D’autres sociétés françaises occupent des niches complémentaires. TYVA Énergie en Ardèche et Blue Solutions (groupe Bolloré) en Bretagne fabriquent des batteries pour des applications allant du médical à la mobilité urbaine. Ces entreprises travaillent souvent sur des volumes plus modestes mais avec une forte valeur ajoutée technologique.
France Batterie et la structuration de la filière face à la concurrence chinoise
En mars 2026, la filière a franchi une étape politique avec la création de France Batterie, destinée à porter la voix de l’industrie française au niveau européen. Ce lancement, sur le site même d’ACC à Billy-Berclau, traduit une prise de conscience : sans coordination, les acteurs français risquent d’être marginalisés.
La pression chinoise s’intensifie. L’implantation d’Hithium en Navarre (Espagne), annoncée en 2026, illustre la stratégie des fabricants chinois de batteries stationnaires qui s’installent directement en Europe. Ce type de concurrence pousse les usines françaises à accélérer leur développement tout en réduisant leurs coûts de production.
Le défi dépasse la simple fabrication de cellules.
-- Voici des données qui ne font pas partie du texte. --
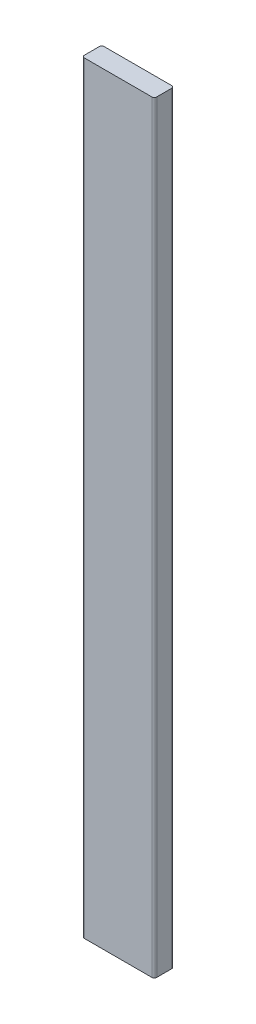
SolidWorks part; units mm, degrees
material "Pine"
ref_plane "Front Plane" through (0, 0, 0) normal (0, 0, 1) x (1, 0, 0)
ref_plane "Top Plane" through (0, 0, 0) normal (0, 1, 0) x (1, 0, 0)
ref_plane "Right Plane" through (0, 0, 0) normal (1, 0, 0) x (0, 0, -1)
sketch "Sketch1" plane through (0, 0, 0) normal (0, 0, 1) x (1, 0, 0)
  line L0 (-781.7306, 0) -> (-204.9322, 0) construction
  line L1 (-344.6322, 1473.2) -> (-204.9322, 1473.2)
  line L2 (-344.6322, 1473.2) -> (-344.6322, 0)
  line L3 (-344.6322, 0) -> (-204.9322, 0)
  line L4 (-204.9322, 1473.2) -> (-204.9322, 0)
  line L5 (-204.9322, 440.5504) -> (-204.9322, 754.7501) construction
extrude "Boss-Extrude1" add sketch "Sketch1" against normal up to surface (38.1 mm away)
fillet "Fillet1" radius 4.7625 4 edges at (-344.6322, 736.6, 0) (-204.9322, 736.6, -38.1) (-344.6322, 736.6, -38.1) (-204.9322, 736.6, 0)
ref_plane "Plane1" through (-274.7822, 0, 0) normal (1, 0, 0) x (0, 0, -1)
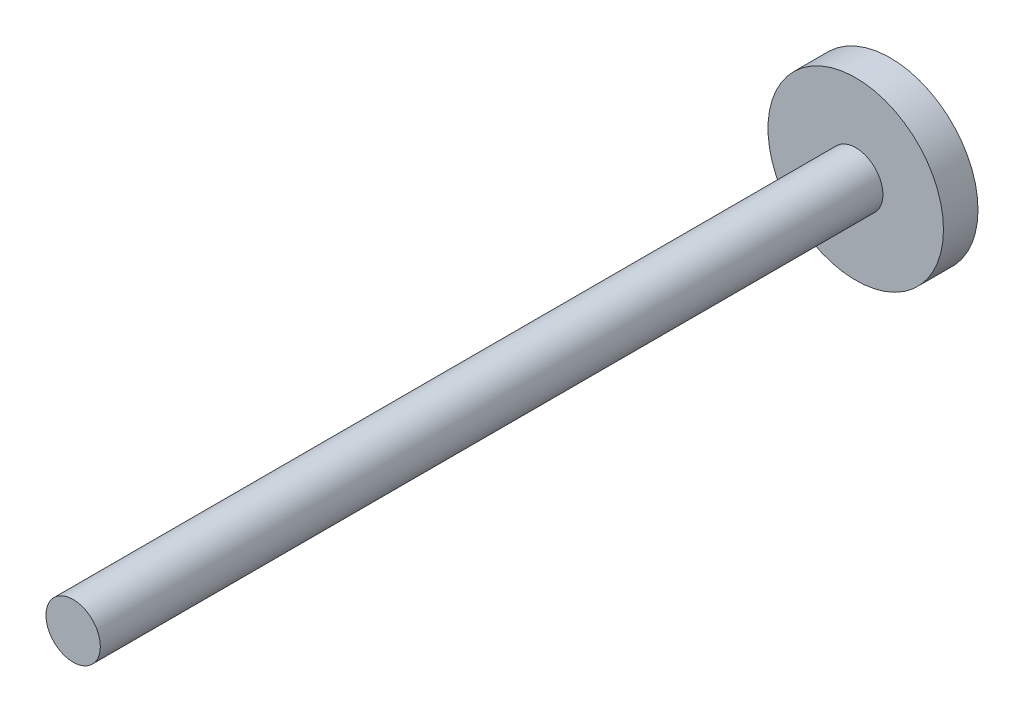
SolidWorks part; units mm, degrees
ref_plane "Front Plane" through (0, 0, 0) normal (0, 0, 1) x (1, 0, 0)
ref_plane "Top Plane" through (0, 0, 0) normal (0, 1, 0) x (1, 0, 0)
ref_plane "Right Plane" through (0, 0, 0) normal (1, 0, 0) x (0, 0, -1)
sketch "Sketch1" plane through (0, 0, 0) normal (0, 0, 1) x (1, 0, 0)
  circle A0 centre (0, 0) radius 12.7
  dimension "D1" = 25.4
extrude "Boss-Extrude1" add sketch "Sketch1" along normal blind 5
sketch "Sketch2" plane through (0, 0, 5) normal (0, 0, 1) x (1, 0, 0)
  circle A0 centre (0, 0) radius 3.937
  dimension "D1" = 7.874
extrude "Boss-Extrude3" add sketch "Sketch2" along normal blind 113.284 contours A0
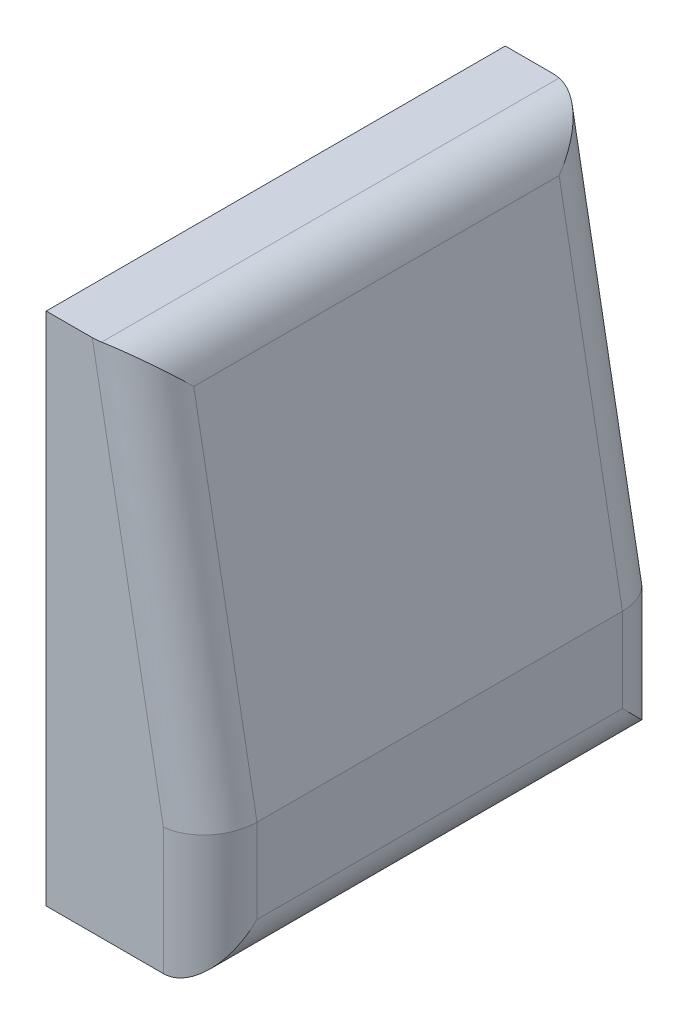
SolidWorks part; units mm, degrees
ref_plane "Front Plane" through (0, 0, 0) normal (0, 0, 1) x (1, 0, 0)
ref_plane "Top Plane" through (0, 0, 0) normal (0, 1, 0) x (1, 0, 0)
ref_plane "Right Plane" through (0, 0, 0) normal (1, 0, 0) x (0, 0, -1)
sketch "Sketch1" plane through (0, 0, 0) normal (0, 0, 1) x (1, 0, 0)
  line L0 (0, 1100) -> (0, 0)
  line L1 (0, 0) -> (350, 0)
  line L2 (350, 0) -> (350, 280)
  line L3 (350, 280) -> (200, 1100)
  line L4 (200, 1100) -> (0, 1100)
  dimension "D1" = 1100
  dimension "D2" = 200
  dimension "D3" = 350
  dimension "D4" = 280
extrude "Boss-Extrude1" add sketch "Sketch1" along normal mid plane 980
fillet "Fillet1" radius 100 6 edges at (350, 140, -490) (275, 690, -490) (350, 0, 0) (350, 140, 490) (275, 690, 490) (200, 1100, 0)

La filière batterie française doit aussi sécuriser l’approvisionnement en lithium et autres matériaux critiques, développer le recyclage des batteries en fin de vie, et former suffisamment de techniciens pour faire tourner ces usines.
La France dispose aujourd’hui d’une concentration rare de projets industriels liés aux batteries, principalement dans les Hauts-de-France. La réussite de cette filière dépendra autant de la vitesse de montée en production que de la capacité à tenir face aux prix chinois. Les prochains mois d’ACC sous sa nouvelle direction donneront un premier indicateur concret.